§ **TASK ITEM**: Please determine the number of lines in the material below that contain the word "side", and state it alone.
-- THE RECORDS follows --
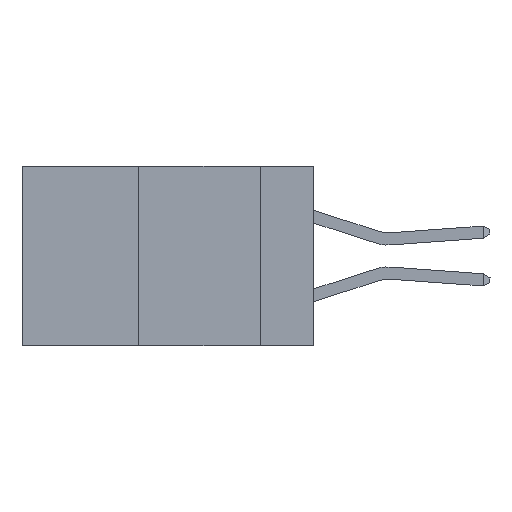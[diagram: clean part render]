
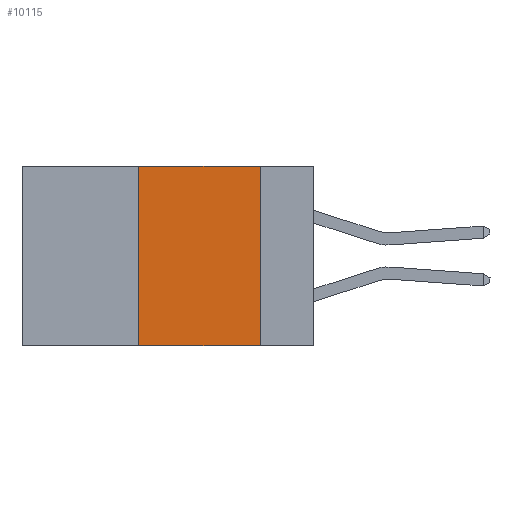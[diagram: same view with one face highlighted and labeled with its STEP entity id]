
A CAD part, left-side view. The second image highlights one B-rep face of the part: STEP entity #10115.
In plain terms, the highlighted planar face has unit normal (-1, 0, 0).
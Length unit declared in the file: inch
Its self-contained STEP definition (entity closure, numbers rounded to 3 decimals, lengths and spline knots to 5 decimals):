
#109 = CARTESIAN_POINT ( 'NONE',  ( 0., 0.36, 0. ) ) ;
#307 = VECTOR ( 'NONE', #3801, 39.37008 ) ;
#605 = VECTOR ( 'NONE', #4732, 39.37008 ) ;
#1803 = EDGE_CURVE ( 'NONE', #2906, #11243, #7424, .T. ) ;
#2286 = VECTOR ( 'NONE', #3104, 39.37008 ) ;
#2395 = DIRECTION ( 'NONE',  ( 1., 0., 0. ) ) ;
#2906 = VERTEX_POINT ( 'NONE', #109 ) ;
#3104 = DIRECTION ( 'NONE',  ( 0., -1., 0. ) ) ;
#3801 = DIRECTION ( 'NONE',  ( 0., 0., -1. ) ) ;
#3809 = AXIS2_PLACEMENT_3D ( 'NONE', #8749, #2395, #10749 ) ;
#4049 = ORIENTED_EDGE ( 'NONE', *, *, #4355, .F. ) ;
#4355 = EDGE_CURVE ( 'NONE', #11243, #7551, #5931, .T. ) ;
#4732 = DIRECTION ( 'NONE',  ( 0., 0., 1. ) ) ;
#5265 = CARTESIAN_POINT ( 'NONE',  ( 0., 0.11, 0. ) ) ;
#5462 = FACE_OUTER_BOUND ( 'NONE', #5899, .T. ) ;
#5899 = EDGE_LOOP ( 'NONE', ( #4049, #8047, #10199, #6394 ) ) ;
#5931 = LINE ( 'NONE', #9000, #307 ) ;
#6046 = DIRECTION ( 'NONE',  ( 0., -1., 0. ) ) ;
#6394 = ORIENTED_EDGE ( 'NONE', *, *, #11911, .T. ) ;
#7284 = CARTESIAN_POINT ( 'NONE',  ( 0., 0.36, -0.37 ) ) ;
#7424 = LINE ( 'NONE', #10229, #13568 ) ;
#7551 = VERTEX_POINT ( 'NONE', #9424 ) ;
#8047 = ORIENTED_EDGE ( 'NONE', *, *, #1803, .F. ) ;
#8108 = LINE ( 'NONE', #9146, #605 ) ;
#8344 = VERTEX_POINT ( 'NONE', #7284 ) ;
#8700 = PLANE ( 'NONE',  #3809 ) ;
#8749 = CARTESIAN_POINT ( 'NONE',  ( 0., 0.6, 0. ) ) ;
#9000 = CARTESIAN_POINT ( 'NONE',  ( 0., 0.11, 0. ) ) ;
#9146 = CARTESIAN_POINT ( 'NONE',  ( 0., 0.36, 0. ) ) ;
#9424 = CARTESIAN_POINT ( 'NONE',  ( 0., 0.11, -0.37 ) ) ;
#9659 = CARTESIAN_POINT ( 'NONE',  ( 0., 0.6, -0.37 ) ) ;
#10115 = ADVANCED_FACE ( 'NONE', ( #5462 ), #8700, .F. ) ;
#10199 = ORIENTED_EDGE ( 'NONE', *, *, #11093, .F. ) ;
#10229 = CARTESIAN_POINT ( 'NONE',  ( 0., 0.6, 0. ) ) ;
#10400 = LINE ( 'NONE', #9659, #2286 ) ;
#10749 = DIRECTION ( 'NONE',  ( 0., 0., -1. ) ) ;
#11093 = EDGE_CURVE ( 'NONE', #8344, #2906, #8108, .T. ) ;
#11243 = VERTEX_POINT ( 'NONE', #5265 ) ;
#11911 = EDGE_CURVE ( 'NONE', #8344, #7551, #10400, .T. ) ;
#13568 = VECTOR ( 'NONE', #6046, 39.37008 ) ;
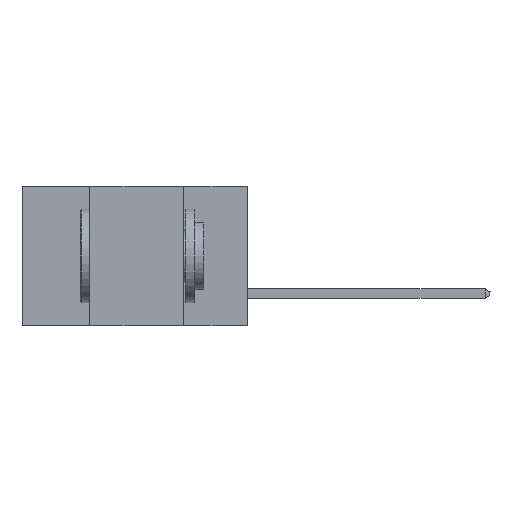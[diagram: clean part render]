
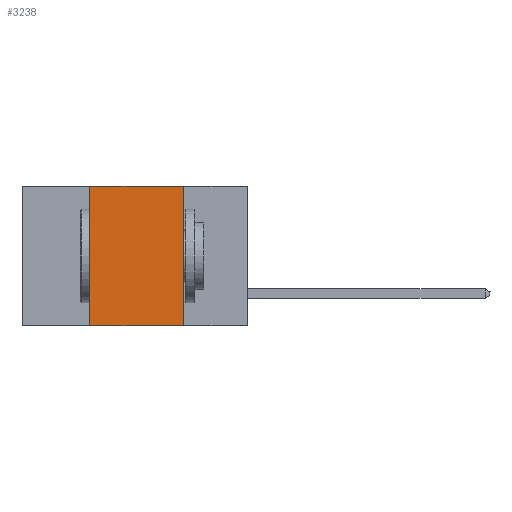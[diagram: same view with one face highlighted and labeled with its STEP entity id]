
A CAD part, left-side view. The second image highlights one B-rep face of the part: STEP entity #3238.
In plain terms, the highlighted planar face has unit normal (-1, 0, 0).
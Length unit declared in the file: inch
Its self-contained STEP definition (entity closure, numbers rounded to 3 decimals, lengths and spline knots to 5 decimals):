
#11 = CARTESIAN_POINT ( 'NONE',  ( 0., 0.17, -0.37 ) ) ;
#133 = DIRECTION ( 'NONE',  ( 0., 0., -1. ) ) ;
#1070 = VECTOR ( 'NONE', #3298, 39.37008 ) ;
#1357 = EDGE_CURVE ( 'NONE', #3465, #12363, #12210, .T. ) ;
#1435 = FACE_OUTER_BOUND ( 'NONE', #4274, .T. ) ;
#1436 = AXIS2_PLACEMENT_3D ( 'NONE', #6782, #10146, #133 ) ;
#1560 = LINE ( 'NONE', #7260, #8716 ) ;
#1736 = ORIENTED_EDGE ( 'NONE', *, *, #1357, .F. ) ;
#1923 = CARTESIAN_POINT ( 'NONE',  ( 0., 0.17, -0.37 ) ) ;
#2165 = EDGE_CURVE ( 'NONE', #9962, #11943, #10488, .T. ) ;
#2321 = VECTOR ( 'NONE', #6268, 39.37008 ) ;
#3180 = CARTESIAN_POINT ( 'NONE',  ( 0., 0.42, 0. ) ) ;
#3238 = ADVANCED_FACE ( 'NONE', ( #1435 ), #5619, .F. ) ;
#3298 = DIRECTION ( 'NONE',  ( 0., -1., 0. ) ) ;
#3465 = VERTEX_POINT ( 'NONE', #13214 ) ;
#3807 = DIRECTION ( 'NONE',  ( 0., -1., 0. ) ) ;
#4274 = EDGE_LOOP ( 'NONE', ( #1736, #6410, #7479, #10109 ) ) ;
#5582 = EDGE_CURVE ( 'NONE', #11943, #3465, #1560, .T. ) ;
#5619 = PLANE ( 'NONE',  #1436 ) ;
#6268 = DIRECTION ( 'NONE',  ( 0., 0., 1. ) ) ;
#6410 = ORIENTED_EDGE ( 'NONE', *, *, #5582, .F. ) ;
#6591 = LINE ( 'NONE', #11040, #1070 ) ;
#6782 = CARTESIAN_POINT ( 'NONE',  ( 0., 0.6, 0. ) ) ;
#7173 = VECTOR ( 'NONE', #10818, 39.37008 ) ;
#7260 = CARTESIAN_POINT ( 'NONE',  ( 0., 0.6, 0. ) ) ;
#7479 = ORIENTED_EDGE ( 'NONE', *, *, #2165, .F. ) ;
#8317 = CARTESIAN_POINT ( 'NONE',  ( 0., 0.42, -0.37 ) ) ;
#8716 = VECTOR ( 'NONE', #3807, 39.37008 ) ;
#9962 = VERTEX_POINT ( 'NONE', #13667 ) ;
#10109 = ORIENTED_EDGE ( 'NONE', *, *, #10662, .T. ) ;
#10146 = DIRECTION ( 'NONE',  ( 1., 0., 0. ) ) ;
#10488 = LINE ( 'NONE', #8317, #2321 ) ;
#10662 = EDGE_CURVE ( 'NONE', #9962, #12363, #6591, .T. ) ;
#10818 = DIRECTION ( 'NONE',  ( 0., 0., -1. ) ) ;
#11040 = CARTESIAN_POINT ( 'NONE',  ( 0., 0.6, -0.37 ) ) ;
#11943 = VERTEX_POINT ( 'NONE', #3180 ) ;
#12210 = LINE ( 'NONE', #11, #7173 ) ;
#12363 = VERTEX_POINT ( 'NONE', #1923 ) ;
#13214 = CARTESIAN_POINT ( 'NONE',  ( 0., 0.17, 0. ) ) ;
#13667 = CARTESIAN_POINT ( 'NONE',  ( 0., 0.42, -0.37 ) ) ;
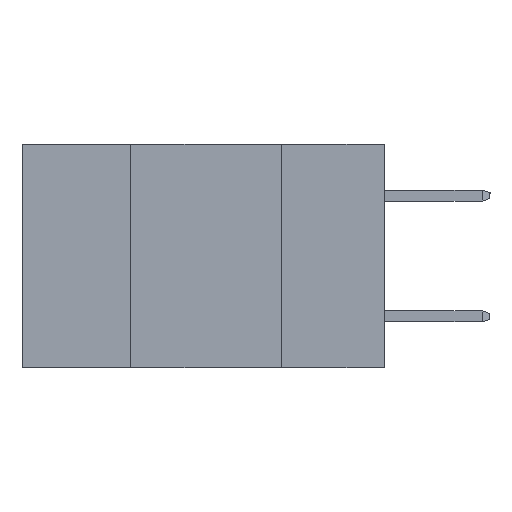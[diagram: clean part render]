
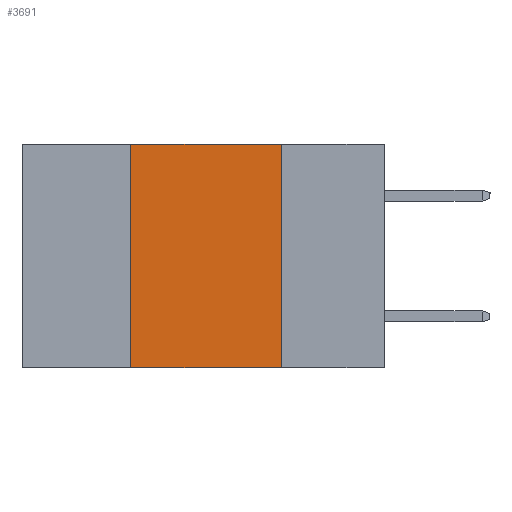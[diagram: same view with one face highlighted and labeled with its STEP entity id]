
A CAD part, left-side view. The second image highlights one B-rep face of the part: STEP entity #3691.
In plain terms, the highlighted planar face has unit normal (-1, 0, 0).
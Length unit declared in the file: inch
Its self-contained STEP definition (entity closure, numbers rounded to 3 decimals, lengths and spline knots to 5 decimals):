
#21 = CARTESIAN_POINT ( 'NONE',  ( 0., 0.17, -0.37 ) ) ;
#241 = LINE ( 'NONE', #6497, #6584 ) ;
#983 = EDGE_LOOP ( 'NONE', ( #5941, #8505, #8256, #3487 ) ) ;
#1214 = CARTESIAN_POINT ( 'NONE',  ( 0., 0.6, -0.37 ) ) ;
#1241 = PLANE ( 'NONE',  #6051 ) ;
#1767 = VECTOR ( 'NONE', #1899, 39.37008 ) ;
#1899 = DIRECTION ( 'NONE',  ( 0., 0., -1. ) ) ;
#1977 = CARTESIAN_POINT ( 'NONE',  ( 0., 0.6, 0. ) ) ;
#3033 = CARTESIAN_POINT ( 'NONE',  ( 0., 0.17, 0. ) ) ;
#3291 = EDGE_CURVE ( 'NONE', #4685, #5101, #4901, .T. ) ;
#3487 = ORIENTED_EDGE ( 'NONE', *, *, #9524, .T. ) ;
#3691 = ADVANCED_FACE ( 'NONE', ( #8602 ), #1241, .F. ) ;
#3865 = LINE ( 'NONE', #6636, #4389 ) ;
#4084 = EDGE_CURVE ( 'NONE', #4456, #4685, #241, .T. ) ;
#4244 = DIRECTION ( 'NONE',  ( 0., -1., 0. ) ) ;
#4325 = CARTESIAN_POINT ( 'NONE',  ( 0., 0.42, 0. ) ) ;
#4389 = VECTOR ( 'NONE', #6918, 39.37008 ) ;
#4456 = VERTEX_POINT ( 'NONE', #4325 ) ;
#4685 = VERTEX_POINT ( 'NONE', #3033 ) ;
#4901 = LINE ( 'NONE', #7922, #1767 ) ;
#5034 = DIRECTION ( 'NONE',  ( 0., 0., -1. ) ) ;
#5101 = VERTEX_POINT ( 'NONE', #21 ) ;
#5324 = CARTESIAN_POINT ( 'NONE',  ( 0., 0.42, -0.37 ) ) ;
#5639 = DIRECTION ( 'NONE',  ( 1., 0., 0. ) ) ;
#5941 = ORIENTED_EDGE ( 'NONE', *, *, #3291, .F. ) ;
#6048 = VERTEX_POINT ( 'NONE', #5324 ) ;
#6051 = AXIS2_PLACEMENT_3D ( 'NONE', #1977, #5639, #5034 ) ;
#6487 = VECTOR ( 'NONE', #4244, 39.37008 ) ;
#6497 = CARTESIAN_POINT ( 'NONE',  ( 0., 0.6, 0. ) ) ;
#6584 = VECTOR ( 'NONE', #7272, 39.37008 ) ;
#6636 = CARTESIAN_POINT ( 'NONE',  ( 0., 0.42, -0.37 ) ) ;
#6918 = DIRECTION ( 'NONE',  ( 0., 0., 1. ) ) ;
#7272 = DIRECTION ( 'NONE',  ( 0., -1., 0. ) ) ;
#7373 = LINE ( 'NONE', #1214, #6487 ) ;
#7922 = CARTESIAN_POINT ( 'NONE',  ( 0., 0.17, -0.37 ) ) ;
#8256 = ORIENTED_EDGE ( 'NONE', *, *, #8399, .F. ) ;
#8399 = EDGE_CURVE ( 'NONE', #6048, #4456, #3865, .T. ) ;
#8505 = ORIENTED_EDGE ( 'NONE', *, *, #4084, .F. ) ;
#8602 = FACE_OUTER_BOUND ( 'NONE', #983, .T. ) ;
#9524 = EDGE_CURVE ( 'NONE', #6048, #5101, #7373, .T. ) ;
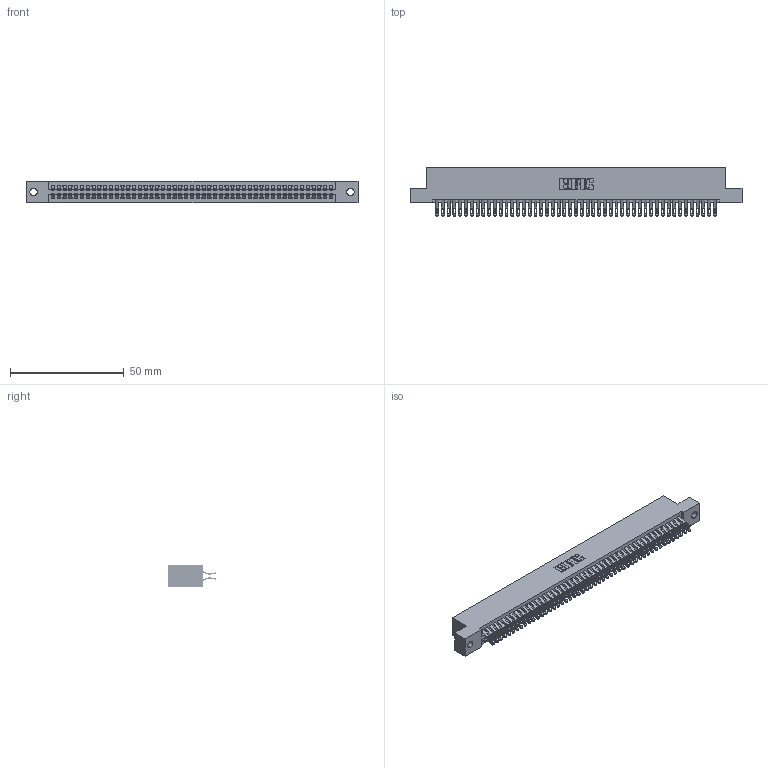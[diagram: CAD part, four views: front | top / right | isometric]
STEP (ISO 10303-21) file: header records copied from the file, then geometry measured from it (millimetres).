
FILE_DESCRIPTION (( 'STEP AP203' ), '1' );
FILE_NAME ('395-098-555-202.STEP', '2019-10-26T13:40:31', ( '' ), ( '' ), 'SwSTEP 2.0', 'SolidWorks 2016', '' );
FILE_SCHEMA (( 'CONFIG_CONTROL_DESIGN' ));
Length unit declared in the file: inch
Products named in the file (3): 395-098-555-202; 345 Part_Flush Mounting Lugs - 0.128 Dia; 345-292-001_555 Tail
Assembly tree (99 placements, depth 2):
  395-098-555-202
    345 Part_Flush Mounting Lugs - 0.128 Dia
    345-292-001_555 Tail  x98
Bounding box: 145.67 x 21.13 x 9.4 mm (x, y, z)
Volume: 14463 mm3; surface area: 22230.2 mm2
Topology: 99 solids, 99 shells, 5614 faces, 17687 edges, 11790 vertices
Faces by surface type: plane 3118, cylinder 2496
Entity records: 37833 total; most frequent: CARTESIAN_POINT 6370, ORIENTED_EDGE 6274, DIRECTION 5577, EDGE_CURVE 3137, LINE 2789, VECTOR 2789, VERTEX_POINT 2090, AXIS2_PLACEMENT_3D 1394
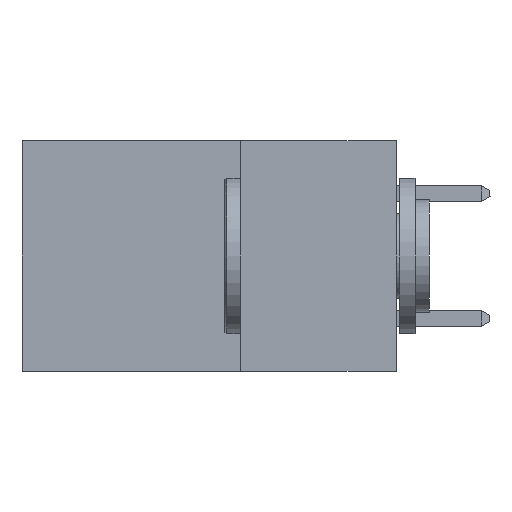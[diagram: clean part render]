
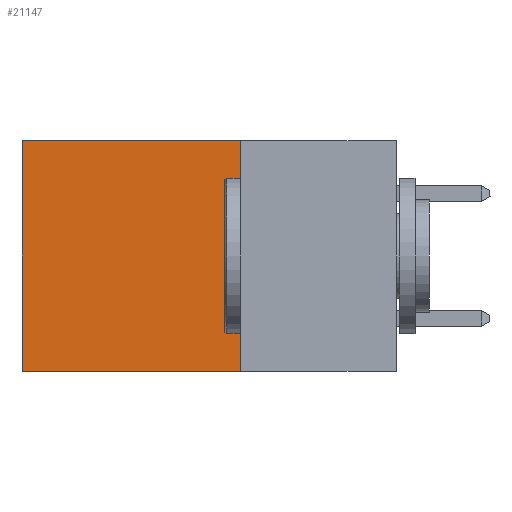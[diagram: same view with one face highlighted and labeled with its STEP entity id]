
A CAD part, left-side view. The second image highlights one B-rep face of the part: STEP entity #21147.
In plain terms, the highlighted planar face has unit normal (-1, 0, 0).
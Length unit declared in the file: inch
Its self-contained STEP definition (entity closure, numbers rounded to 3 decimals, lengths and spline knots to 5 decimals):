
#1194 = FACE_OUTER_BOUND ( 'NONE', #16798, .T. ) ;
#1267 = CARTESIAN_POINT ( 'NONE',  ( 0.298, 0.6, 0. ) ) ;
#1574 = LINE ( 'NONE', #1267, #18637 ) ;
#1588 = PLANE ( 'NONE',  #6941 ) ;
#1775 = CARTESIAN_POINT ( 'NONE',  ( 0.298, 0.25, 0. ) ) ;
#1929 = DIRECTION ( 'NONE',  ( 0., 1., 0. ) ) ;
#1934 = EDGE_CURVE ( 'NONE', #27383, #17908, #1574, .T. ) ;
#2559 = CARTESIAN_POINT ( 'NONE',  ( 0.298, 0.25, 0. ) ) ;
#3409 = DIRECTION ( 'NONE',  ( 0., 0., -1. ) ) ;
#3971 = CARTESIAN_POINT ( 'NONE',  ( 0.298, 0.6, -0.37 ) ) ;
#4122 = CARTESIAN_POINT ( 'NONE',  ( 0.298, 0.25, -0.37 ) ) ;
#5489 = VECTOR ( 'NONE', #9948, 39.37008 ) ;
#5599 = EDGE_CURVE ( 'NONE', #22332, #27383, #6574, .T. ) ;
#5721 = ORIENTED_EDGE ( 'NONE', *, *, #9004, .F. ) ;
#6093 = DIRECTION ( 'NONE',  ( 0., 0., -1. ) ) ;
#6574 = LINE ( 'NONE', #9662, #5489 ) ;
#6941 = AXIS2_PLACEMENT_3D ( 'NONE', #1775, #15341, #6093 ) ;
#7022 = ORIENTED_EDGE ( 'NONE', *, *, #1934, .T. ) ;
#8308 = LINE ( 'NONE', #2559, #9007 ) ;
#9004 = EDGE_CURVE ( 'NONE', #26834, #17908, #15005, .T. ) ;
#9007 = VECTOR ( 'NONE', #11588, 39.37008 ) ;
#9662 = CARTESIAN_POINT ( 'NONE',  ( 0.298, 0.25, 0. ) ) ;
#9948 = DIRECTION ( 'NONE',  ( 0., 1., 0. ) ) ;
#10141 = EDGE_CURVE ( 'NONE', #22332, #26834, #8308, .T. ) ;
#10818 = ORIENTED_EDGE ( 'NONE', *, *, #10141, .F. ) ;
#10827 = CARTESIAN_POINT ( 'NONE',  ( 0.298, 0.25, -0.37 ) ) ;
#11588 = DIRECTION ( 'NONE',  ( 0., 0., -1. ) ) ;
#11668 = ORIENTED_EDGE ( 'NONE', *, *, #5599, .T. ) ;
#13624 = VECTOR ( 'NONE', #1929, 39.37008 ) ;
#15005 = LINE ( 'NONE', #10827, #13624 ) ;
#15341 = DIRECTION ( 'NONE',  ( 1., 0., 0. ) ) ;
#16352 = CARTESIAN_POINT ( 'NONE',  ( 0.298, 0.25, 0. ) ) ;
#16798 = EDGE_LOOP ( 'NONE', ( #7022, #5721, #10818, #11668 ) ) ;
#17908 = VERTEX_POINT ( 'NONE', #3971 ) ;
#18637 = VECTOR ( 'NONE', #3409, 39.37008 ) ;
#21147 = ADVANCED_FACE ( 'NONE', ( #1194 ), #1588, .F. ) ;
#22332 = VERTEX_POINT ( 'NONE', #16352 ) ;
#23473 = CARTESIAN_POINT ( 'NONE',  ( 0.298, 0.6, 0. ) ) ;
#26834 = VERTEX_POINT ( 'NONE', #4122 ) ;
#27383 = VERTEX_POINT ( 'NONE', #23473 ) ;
-- THE RECORDS concluded --
§ **ANSWER SPACE**: 4